ASSIGNMENT
Any image in the records should be left out; output everything else exactly.

EXERCISE MATERIALS

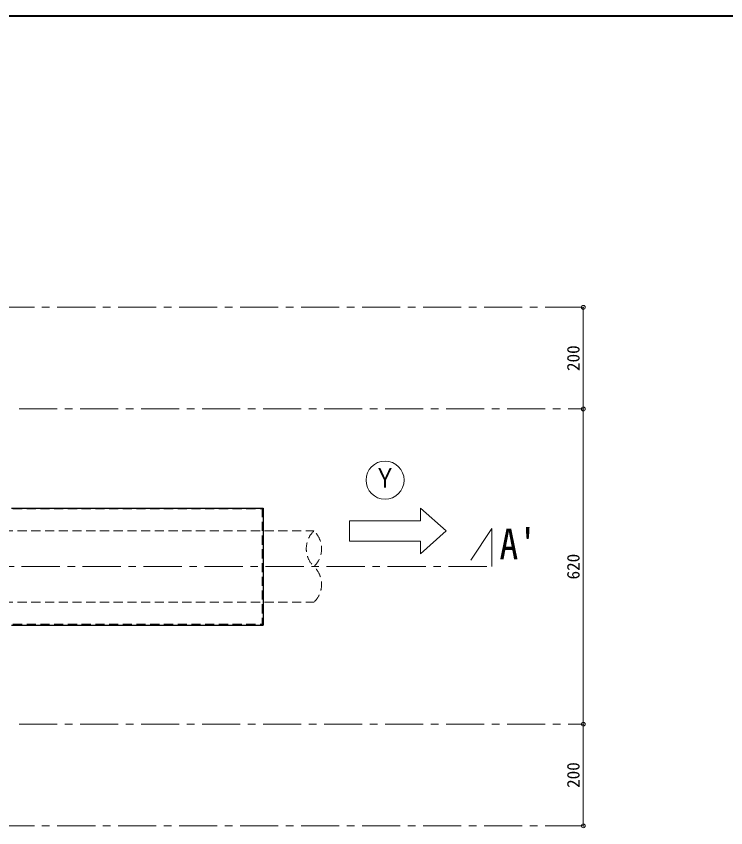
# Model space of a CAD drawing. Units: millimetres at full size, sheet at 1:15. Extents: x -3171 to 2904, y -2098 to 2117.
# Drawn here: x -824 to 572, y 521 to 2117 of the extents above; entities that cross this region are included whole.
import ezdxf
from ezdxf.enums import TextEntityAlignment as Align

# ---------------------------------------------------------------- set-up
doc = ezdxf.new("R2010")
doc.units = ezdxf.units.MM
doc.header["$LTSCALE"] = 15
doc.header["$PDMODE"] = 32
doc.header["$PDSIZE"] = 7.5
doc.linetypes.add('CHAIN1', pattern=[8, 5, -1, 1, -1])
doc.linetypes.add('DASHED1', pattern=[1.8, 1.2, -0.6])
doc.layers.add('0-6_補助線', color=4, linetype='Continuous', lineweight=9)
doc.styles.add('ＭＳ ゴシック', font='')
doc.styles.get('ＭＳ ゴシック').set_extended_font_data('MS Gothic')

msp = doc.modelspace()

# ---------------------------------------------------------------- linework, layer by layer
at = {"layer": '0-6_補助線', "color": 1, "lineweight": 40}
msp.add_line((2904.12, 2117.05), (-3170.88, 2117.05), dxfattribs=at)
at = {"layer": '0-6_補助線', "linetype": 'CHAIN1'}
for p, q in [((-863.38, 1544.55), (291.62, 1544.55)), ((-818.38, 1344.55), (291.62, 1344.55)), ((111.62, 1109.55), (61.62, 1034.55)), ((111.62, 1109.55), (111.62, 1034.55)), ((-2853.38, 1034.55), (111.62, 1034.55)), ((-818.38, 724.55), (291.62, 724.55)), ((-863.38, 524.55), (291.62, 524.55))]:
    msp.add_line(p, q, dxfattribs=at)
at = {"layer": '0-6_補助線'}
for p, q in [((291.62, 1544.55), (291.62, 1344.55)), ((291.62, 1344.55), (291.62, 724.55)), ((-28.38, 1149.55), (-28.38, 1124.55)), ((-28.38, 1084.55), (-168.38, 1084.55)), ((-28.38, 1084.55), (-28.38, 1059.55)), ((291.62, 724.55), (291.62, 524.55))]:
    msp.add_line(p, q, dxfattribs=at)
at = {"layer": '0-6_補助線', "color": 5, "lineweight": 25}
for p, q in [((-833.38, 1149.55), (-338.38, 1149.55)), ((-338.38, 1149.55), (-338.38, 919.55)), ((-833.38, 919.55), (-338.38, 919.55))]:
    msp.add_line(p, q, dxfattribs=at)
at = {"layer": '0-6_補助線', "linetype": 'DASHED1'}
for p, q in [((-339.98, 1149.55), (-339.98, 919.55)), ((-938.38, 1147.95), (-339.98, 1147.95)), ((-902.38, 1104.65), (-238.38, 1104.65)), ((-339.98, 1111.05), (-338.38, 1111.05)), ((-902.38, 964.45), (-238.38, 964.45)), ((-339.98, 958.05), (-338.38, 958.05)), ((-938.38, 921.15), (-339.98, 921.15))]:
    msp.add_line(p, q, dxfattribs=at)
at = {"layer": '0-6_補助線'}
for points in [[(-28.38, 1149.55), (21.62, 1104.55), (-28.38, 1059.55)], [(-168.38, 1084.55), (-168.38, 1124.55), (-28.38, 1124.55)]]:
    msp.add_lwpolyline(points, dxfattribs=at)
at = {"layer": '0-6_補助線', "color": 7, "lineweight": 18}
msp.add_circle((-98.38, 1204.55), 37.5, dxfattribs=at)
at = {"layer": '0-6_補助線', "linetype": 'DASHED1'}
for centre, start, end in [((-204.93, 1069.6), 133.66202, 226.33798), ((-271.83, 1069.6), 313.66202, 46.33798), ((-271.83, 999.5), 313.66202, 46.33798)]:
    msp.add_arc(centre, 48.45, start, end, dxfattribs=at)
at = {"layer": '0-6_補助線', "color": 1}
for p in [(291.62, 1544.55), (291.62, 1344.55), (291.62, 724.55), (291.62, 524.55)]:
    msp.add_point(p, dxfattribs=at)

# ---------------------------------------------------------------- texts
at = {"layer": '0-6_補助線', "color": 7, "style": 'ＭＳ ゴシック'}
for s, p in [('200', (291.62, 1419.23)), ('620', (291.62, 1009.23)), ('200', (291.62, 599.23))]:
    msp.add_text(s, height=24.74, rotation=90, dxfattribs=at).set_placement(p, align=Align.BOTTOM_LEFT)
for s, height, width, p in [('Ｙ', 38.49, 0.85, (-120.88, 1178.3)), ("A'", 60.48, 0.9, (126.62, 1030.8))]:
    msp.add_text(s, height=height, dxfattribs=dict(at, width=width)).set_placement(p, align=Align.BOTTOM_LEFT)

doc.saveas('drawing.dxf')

SOLUTION TO THE EXERCISE
# Model space of a CAD drawing. Units: millimetres at full size, sheet at 1:15. Extents: x -3171 to 2904, y -2098 to 2117.
# Drawn here: x -824 to 572, y 521 to 2117 of the extents above; entities that cross this region are included whole.
import ezdxf
from ezdxf.enums import TextEntityAlignment as Align

# ---------------------------------------------------------------- set-up
doc = ezdxf.new("R2010")
doc.units = ezdxf.units.MM
doc.header["$LTSCALE"] = 15
doc.header["$PDMODE"] = 32
doc.header["$PDSIZE"] = 7.5
doc.linetypes.add('CHAIN1', pattern=[8, 5, -1, 1, -1])
doc.linetypes.add('DASHED1', pattern=[1.8, 1.2, -0.6])
doc.layers.add('0-6_補助線', color=4, linetype='Continuous', lineweight=9)
doc.styles.add('ＭＳ ゴシック', font='')
doc.styles.get('ＭＳ ゴシック').set_extended_font_data('MS Gothic')

msp = doc.modelspace()

# ---------------------------------------------------------------- linework, layer by layer
at = {"layer": '0-6_補助線', "color": 1, "lineweight": 40}
msp.add_line((2904.12, 2117.05), (-3170.88, 2117.05), dxfattribs=at)
at = {"layer": '0-6_補助線', "linetype": 'CHAIN1'}
for p, q in [((-863.38, 1544.55), (291.62, 1544.55)), ((-818.38, 1344.55), (291.62, 1344.55)), ((111.62, 1109.55), (61.62, 1034.55)), ((111.62, 1109.55), (111.62, 1034.55)), ((-2853.38, 1034.55), (111.62, 1034.55)), ((-818.38, 724.55), (291.62, 724.55)), ((-863.38, 524.55), (291.62, 524.55))]:
    msp.add_line(p, q, dxfattribs=at)
at = {"layer": '0-6_補助線'}
for p, q in [((291.62, 1544.55), (291.62, 1344.55)), ((291.62, 1344.55), (291.62, 724.55)), ((-28.38, 1149.55), (-28.38, 1124.55)), ((-28.38, 1084.55), (-168.38, 1084.55)), ((-28.38, 1084.55), (-28.38, 1059.55)), ((291.62, 724.55), (291.62, 524.55))]:
    msp.add_line(p, q, dxfattribs=at)
at = {"layer": '0-6_補助線', "color": 5, "lineweight": 25}
for p, q in [((-833.38, 1149.55), (-338.38, 1149.55)), ((-338.38, 1149.55), (-338.38, 919.55)), ((-833.38, 919.55), (-338.38, 919.55))]:
    msp.add_line(p, q, dxfattribs=at)
at = {"layer": '0-6_補助線', "linetype": 'DASHED1'}
for p, q in [((-339.98, 1149.55), (-339.98, 919.55)), ((-938.38, 1147.95), (-339.98, 1147.95)), ((-902.38, 1104.65), (-238.38, 1104.65)), ((-339.98, 1111.05), (-338.38, 1111.05)), ((-902.38, 964.45), (-238.38, 964.45)), ((-339.98, 958.05), (-338.38, 958.05)), ((-938.38, 921.15), (-339.98, 921.15))]:
    msp.add_line(p, q, dxfattribs=at)
at = {"layer": '0-6_補助線'}
for points in [[(-28.38, 1149.55), (21.62, 1104.55), (-28.38, 1059.55)], [(-168.38, 1084.55), (-168.38, 1124.55), (-28.38, 1124.55)]]:
    msp.add_lwpolyline(points, dxfattribs=at)
at = {"layer": '0-6_補助線', "color": 7, "lineweight": 18}
msp.add_circle((-98.38, 1204.55), 37.5, dxfattribs=at)
at = {"layer": '0-6_補助線', "linetype": 'DASHED1'}
for centre, start, end in [((-204.93, 1069.6), 133.66202, 226.33798), ((-271.83, 1069.6), 313.66202, 46.33798), ((-271.83, 999.5), 313.66202, 46.33798)]:
    msp.add_arc(centre, 48.45, start, end, dxfattribs=at)
at = {"layer": '0-6_補助線', "color": 1}
for p in [(291.62, 1544.55), (291.62, 1344.55), (291.62, 724.55), (291.62, 524.55)]:
    msp.add_point(p, dxfattribs=at)

# ---------------------------------------------------------------- texts
at = {"layer": '0-6_補助線', "color": 7, "style": 'ＭＳ ゴシック'}
for s, p in [('200', (291.62, 1419.23)), ('620', (291.62, 1009.23)), ('200', (291.62, 599.23))]:
    msp.add_text(s, height=24.74, rotation=90, dxfattribs=at).set_placement(p, align=Align.BOTTOM_LEFT)
for s, height, width, p in [('Ｙ', 38.49, 0.85, (-120.88, 1178.3)), ("A'", 60.48, 0.9, (126.62, 1030.8))]:
    msp.add_text(s, height=height, dxfattribs=dict(at, width=width)).set_placement(p, align=Align.BOTTOM_LEFT)

doc.saveas('drawing.dxf')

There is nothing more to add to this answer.